(Exercise material)
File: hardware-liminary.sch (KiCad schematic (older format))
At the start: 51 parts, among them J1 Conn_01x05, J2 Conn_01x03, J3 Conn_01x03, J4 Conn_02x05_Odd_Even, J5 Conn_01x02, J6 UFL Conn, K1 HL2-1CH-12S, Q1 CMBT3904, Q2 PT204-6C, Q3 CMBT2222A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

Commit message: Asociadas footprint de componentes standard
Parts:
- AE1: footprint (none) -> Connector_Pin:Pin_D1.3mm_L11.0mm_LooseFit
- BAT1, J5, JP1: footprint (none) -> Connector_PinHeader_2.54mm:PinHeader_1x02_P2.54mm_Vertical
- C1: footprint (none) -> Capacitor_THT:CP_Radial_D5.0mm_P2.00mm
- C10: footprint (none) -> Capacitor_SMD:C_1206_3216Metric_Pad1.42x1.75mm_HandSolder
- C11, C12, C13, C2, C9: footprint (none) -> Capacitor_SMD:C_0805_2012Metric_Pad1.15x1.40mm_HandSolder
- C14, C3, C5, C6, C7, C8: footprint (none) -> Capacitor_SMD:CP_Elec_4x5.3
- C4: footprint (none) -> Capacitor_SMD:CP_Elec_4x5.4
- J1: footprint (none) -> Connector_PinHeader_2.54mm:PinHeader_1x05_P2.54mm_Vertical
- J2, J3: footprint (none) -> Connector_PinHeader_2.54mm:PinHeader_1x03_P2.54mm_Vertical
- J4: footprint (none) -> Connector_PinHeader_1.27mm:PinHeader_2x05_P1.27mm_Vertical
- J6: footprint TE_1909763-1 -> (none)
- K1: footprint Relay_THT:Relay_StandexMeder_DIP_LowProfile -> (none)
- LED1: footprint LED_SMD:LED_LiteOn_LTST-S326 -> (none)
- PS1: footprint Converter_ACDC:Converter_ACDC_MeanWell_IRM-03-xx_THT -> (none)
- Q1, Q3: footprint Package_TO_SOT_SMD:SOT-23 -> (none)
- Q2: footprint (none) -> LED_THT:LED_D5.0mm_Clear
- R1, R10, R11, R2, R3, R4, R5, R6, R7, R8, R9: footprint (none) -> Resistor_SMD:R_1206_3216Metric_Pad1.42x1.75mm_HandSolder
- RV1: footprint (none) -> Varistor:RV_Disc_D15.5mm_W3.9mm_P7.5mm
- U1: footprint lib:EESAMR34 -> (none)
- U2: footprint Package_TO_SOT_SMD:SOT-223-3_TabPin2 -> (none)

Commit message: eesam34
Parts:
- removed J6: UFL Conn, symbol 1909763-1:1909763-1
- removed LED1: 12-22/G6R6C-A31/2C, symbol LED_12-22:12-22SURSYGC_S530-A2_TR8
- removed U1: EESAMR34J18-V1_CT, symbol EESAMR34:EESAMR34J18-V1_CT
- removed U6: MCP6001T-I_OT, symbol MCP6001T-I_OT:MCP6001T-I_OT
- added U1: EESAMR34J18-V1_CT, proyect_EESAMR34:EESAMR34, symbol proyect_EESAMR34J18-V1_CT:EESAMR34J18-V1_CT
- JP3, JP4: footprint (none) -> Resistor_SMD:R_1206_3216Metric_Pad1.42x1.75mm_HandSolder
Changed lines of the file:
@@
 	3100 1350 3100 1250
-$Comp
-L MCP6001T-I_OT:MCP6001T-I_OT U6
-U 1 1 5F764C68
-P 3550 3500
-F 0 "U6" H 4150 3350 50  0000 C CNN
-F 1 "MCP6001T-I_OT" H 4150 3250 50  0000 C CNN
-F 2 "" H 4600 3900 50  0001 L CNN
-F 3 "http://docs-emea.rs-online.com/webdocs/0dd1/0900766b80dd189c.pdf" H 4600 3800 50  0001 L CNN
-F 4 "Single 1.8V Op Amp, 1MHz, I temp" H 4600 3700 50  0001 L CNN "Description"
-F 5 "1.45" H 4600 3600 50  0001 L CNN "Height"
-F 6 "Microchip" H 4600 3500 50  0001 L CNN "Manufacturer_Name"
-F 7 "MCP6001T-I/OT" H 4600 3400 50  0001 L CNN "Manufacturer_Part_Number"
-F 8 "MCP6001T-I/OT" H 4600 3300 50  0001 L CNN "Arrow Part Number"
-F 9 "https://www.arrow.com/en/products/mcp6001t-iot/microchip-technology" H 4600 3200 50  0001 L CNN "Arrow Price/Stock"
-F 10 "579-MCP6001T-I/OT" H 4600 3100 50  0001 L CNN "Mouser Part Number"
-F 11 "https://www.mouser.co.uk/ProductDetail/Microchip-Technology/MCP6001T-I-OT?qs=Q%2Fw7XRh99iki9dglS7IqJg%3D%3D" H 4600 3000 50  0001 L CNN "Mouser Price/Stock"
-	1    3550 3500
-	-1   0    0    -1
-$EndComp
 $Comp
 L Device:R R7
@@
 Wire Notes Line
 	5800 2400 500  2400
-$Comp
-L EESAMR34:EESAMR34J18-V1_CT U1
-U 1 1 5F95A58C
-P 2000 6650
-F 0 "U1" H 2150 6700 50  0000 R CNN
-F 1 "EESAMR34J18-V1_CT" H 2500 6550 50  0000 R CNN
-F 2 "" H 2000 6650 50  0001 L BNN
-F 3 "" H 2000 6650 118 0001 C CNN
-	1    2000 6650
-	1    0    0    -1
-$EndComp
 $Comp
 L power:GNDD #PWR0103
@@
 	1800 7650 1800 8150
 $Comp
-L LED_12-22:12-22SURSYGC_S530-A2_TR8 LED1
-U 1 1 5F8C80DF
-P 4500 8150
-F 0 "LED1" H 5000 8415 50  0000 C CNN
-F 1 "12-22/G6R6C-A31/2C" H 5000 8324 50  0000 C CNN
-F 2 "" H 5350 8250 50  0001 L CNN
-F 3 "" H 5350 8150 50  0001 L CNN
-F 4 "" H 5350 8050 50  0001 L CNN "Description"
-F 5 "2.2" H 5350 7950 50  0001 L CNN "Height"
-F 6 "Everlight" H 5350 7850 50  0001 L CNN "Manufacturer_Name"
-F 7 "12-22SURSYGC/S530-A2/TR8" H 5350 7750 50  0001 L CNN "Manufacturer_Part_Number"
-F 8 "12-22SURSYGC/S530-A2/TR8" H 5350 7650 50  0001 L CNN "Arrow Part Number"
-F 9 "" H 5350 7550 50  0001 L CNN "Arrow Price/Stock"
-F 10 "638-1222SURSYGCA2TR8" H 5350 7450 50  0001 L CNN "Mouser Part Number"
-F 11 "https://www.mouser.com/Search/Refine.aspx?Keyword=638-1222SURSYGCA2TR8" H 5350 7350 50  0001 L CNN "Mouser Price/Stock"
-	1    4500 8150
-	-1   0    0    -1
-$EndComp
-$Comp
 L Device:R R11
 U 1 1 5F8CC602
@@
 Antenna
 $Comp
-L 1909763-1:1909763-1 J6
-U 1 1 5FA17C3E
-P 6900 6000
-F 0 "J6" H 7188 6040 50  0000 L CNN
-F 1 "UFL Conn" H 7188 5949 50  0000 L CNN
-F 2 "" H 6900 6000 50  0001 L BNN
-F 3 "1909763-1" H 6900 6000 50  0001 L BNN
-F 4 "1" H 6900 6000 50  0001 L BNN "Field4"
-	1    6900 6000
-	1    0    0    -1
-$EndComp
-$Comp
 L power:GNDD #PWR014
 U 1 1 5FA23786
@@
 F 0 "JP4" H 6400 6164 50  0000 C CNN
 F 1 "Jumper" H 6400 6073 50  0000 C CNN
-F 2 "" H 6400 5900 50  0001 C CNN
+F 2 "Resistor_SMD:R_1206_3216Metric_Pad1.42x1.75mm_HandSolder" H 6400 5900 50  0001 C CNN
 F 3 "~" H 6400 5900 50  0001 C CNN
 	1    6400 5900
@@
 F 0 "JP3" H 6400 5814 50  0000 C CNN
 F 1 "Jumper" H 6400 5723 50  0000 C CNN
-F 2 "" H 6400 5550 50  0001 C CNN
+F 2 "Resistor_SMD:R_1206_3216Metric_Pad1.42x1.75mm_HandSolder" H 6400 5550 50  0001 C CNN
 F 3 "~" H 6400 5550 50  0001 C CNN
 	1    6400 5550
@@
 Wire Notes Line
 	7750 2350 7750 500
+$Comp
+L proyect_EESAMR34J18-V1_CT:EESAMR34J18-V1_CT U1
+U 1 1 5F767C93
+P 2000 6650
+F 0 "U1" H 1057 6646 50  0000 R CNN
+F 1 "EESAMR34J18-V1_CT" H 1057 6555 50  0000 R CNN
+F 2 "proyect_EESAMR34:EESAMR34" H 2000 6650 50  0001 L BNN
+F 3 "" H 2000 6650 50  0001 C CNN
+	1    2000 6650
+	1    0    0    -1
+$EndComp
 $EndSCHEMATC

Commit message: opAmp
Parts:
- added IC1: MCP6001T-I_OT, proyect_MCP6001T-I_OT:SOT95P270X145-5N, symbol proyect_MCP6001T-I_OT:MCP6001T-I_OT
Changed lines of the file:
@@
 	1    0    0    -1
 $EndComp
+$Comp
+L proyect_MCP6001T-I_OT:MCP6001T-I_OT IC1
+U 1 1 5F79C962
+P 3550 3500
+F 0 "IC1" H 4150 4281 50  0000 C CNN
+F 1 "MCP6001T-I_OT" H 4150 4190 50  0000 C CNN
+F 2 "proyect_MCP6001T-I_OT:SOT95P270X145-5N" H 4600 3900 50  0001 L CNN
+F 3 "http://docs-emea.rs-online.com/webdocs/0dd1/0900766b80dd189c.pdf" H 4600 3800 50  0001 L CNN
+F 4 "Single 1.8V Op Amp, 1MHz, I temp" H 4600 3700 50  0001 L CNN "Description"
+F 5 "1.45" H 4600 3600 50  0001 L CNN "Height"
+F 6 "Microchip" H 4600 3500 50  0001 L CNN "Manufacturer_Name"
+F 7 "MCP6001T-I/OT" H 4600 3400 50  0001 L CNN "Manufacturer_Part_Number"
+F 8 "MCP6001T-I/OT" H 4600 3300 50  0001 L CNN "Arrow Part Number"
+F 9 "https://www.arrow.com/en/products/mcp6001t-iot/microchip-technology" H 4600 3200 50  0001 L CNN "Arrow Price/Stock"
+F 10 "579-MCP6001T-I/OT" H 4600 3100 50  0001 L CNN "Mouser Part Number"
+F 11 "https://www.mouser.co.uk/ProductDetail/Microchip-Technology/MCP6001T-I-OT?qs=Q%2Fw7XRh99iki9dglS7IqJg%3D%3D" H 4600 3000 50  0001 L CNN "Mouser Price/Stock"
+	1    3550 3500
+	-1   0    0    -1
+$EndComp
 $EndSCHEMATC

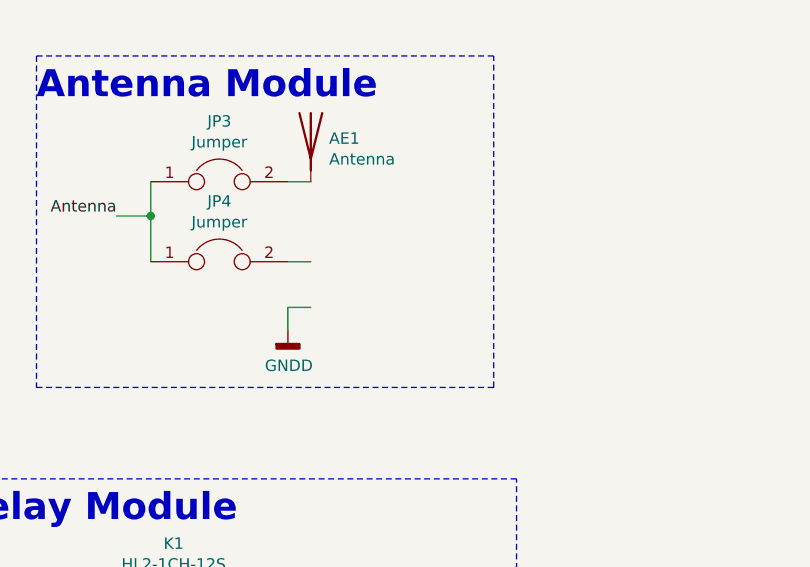
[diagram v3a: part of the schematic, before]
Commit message: ufl connector
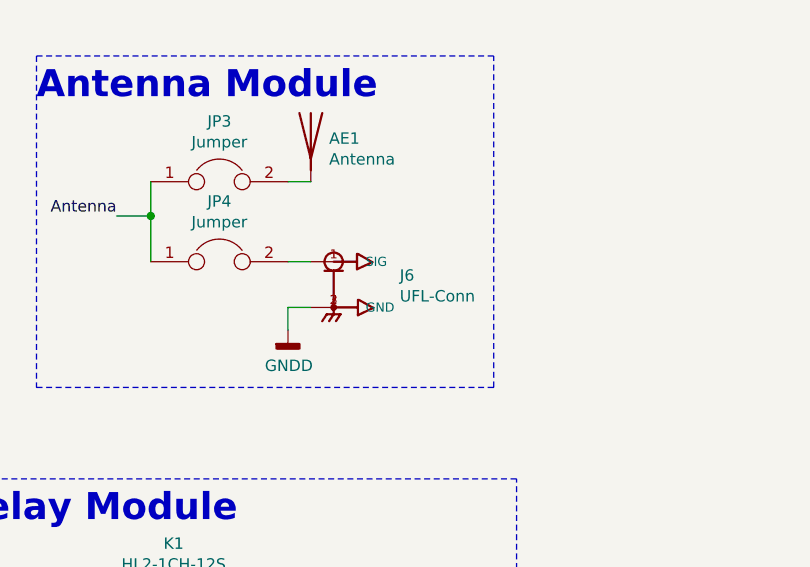
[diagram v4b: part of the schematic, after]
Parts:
- added J6: UFL-Conn, proyect_UFL-Conn:TE_1909763-1, symbol proyect_UFL-Conn:1909763-1
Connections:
- net GNDD: now also J6.2 (GND), J6.3 (GND)
- net at JP4.2: now also J6.1 (SIG)
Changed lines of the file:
@@
 	-1   0    0    -1
 $EndComp
+$Comp
+L proyect_UFL-Conn:1909763-1 J6
+U 1 1 5F7BE21B
+P 6900 6000
+F 0 "J6" H 7189 6040 50  0000 L CNN
+F 1 "UFL-Conn" H 7189 5949 50  0000 L CNN
+F 2 "proyect_UFL-Conn:TE_1909763-1" H 6900 6000 50  0001 L BNN
+F 3 "1909763-1" H 6900 6000 50  0001 L BNN
+F 4 "1" H 6900 6000 50  0001 L BNN "Field4"
+	1    6900 6000
+	1    0    0    -1
+$EndComp
 $EndSCHEMATC

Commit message: power supply
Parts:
- removed PS1: IRM-03-12, symbol Converter_ACDC:IRM-03-12
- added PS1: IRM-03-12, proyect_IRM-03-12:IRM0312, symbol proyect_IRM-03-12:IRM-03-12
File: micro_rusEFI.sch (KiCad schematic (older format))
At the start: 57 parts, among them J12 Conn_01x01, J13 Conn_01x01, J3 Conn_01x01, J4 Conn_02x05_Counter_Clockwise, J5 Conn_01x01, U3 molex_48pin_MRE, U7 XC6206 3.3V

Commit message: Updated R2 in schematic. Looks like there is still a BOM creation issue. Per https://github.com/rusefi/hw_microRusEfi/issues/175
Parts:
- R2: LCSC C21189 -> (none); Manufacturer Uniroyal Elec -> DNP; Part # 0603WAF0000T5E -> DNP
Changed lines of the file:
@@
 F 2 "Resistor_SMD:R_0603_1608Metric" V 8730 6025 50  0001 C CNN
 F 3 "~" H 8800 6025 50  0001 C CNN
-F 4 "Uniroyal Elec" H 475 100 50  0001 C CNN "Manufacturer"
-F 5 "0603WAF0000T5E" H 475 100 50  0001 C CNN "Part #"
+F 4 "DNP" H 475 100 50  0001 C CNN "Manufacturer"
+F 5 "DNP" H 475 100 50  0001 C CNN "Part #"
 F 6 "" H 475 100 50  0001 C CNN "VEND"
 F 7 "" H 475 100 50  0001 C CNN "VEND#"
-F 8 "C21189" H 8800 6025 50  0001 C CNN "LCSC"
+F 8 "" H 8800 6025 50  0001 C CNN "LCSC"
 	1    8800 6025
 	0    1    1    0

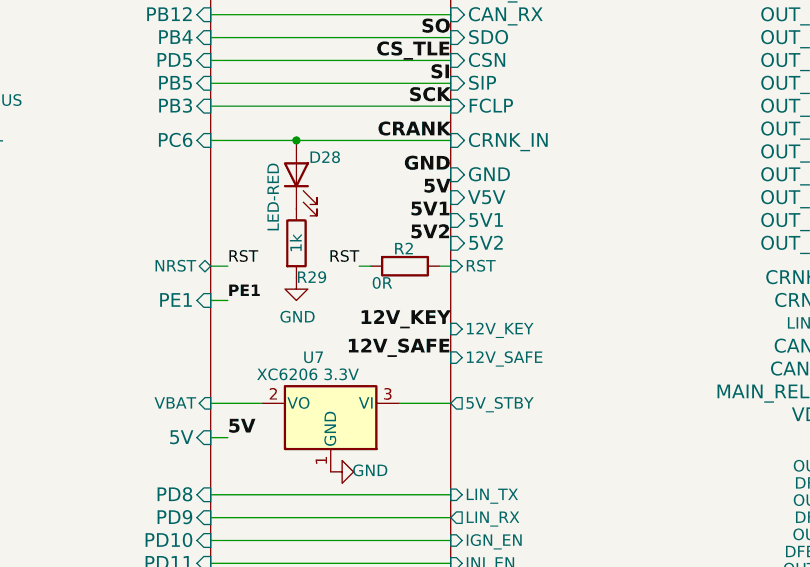
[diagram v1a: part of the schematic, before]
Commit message: Changed field name for long term DNP of R2 per https://github.com/rusefi/hw_microRusEfi/issues/175
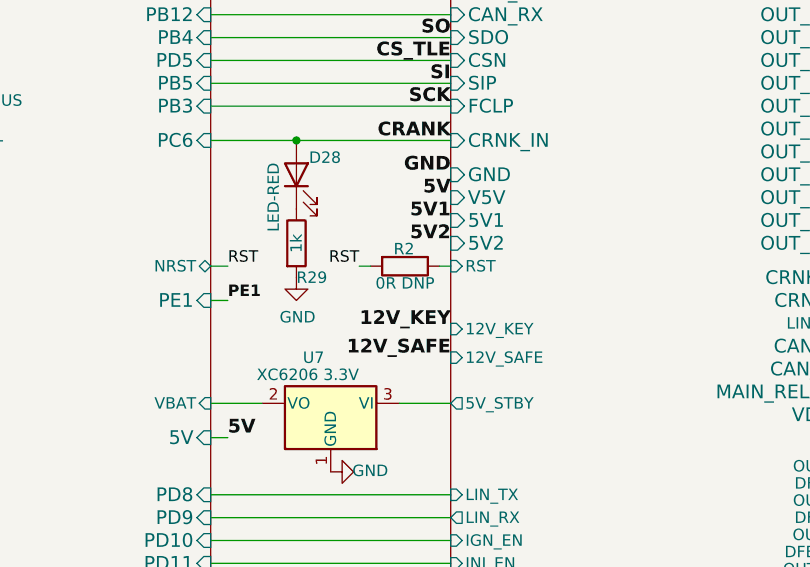
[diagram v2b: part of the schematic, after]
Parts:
- R2: value 0R -> 0R DNP
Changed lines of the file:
@@
 P 8800 6025
 F 0 "R2" V 8725 5975 50  0000 L CNN
-F 1 "0R" V 8875 5925 50  0000 C CNN
+F 1 "0R DNP" V 8875 6025 50  0000 C CNN
 F 2 "Resistor_SMD:R_0603_1608Metric" V 8730 6025 50  0001 C CNN
 F 3 "~" H 8800 6025 50  0001 C CNN

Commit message: squash
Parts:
- added D44: 1N4148WS, Diode_SMD:D_SOD-323, symbol micro_rusEFI-rescue:D_Schottky-Device
- added JP3: Voltage selector 5V 3V3, Jumper:SolderJumper-3_P1.3mm_Bridged12_RoundedPad1.0x1.5mm, symbol micro_rusEFI-rescue:SolderJumper_3_Open-Jumper
- added unit 18 of U3
- added unit 17 of U3
- added unit 19 of U3
- D15, D20, D3, D4, D5, D6, D7: symbol Device:D_Schottky -> micro_rusEFI-rescue:D_Schottky-Device
- D21, D22, D23, D27, D28, D31, D33, D35: symbol Device:LED -> micro_rusEFI-rescue:LED-Device
- D30, D32, D34, D43: symbol Device:D -> micro_rusEFI-rescue:D-Device
- D36, D37: symbol Diode:B340 -> micro_rusEFI-rescue:B340-Diode
- D41: symbol Device:D_TVS -> micro_rusEFI-rescue:D_TVS-Device
- J12, J13, J3, J5: symbol Connector_Generic:Conn_01x01 -> micro_rusEFI-rescue:Conn_01x01-Connector_Generic
- J4: symbol Connector_Generic:Conn_02x05_Odd_Even -> micro_rusEFI-rescue:Conn_02x05_Odd_Even-Connector_Generic
- LOGO1: symbol Graphic:Logo_Open_Hardware_Small -> micro_rusEFI-rescue:Logo_Open_Hardware_Small-Graphic
- NT2, NT3: symbol Device:Net-Tie_2 -> micro_rusEFI-rescue:Net-Tie_2-Device
- R10, R2, R21, R29, R30, R33, R36, R49, R51, R80, R81, R84, R85, R86: symbol Device:R -> micro_rusEFI-rescue:R-Device
- RN1: symbol Device:R_Pack04 -> micro_rusEFI-rescue:R_Pack04-Device
- TP0, TP1, TP12, TP2, TP3, TP4, TP5: symbol Connector:TestPoint -> micro_rusEFI-rescue:TestPoint-Connector
- U3: footprint rusefi_lib:Molex_48_MRE -> rusefi_lib:Molex_48_MRE_R055; symbol rusefi_Molex_MRE_Connector:molex_48pin_MRE -> micro_rusEFI-rescue:molex_48pin_MRE-rusefi_Molex_MRE_Connector
- U7: symbol Regulator_Linear:MCP1703A-3302_SOT23 -> micro_rusEFI-rescue:MCP1703A-3302_SOT23-Regulator_Linear
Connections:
- net 5V: now also JP3.3 (B)
- net CANH: now also U3.J22, U3.J49
- net CANL: now also U3.J23, U3.J50
- net GND: now also U3.J20
- net VDD: now also D44.2 (A)
- new net: D44.1 (K), JP3.1 (A)
- new net: JP3.2 (C), U3.J21
(End Exercise material)
What needs to be done:
In the entries above, the lines from the one bearing "H 5350 7850" up to and including the one bearing "MCP6001T-I_OT, proyect_MCP6001T-I_OT:SOT95P270X145-5N, symbol" should be transcribed exactly; no other line is wanted.

Final answer:
-F 6 "Everlight" H 5350 7850 50  0001 L CNN "Manufacturer_Name"
-F 7 "12-22SURSYGC/S530-A2/TR8" H 5350 7750 50  0001 L CNN "Manufacturer_Part_Number"
-F 8 "12-22SURSYGC/S530-A2/TR8" H 5350 7650 50  0001 L CNN "Arrow Part Number"
-F 9 "" H 5350 7550 50  0001 L CNN "Arrow Price/Stock"
-F 10 "638-1222SURSYGCA2TR8" H 5350 7450 50  0001 L CNN "Mouser Part Number"
-F 11 "https://www.mouser.com/Search/Refine.aspx?Keyword=638-1222SURSYGCA2TR8" H 5350 7350 50  0001 L CNN "Mouser Price/Stock"
-	1    4500 8150
-	-1   0    0    -1
-$EndComp
-$Comp
 L Device:R R11
 U 1 1 5F8CC602
@@
 Antenna
 $Comp
-L 1909763-1:1909763-1 J6
-U 1 1 5FA17C3E
-P 6900 6000
-F 0 "J6" H 7188 6040 50  0000 L CNN
-F 1 "UFL Conn" H 7188 5949 50  0000 L CNN
-F 2 "" H 6900 6000 50  0001 L BNN
-F 3 "1909763-1" H 6900 6000 50  0001 L BNN
-F 4 "1" H 6900 6000 50  0001 L BNN "Field4"
-	1    6900 6000
-	1    0    0    -1
-$EndComp
-$Comp
 L power:GNDD #PWR014
 U 1 1 5FA23786
@@
 F 0 "JP4" H 6400 6164 50  0000 C CNN
 F 1 "Jumper" H 6400 6073 50  0000 C CNN
-F 2 "" H 6400 5900 50  0001 C CNN
+F 2 "Resistor_SMD:R_1206_3216Metric_Pad1.42x1.75mm_HandSolder" H 6400 5900 50  0001 C CNN
 F 3 "~" H 6400 5900 50  0001 C CNN
 	1    6400 5900
@@
 F 0 "JP3" H 6400 5814 50  0000 C CNN
 F 1 "Jumper" H 6400 5723 50  0000 C CNN
-F 2 "" H 6400 5550 50  0001 C CNN
+F 2 "Resistor_SMD:R_1206_3216Metric_Pad1.42x1.75mm_HandSolder" H 6400 5550 50  0001 C CNN
 F 3 "~" H 6400 5550 50  0001 C CNN
 	1    6400 5550
@@
 Wire Notes Line
 	7750 2350 7750 500
+$Comp
+L proyect_EESAMR34J18-V1_CT:EESAMR34J18-V1_CT U1
+U 1 1 5F767C93
+P 2000 6650
+F 0 "U1" H 1057 6646 50  0000 R CNN
+F 1 "EESAMR34J18-V1_CT" H 1057 6555 50  0000 R CNN
+F 2 "proyect_EESAMR34:EESAMR34" H 2000 6650 50  0001 L BNN
+F 3 "" H 2000 6650 50  0001 C CNN
+	1    2000 6650
+	1    0    0    -1
+$EndComp
 $EndSCHEMATC

Commit message: opAmp
Parts:
- added IC1: MCP6001T-I_OT, proyect_MCP6001T-I_OT:SOT95P270X145-5N, symbol proyect_MCP6001T-I_OT:MCP6001T-I_OT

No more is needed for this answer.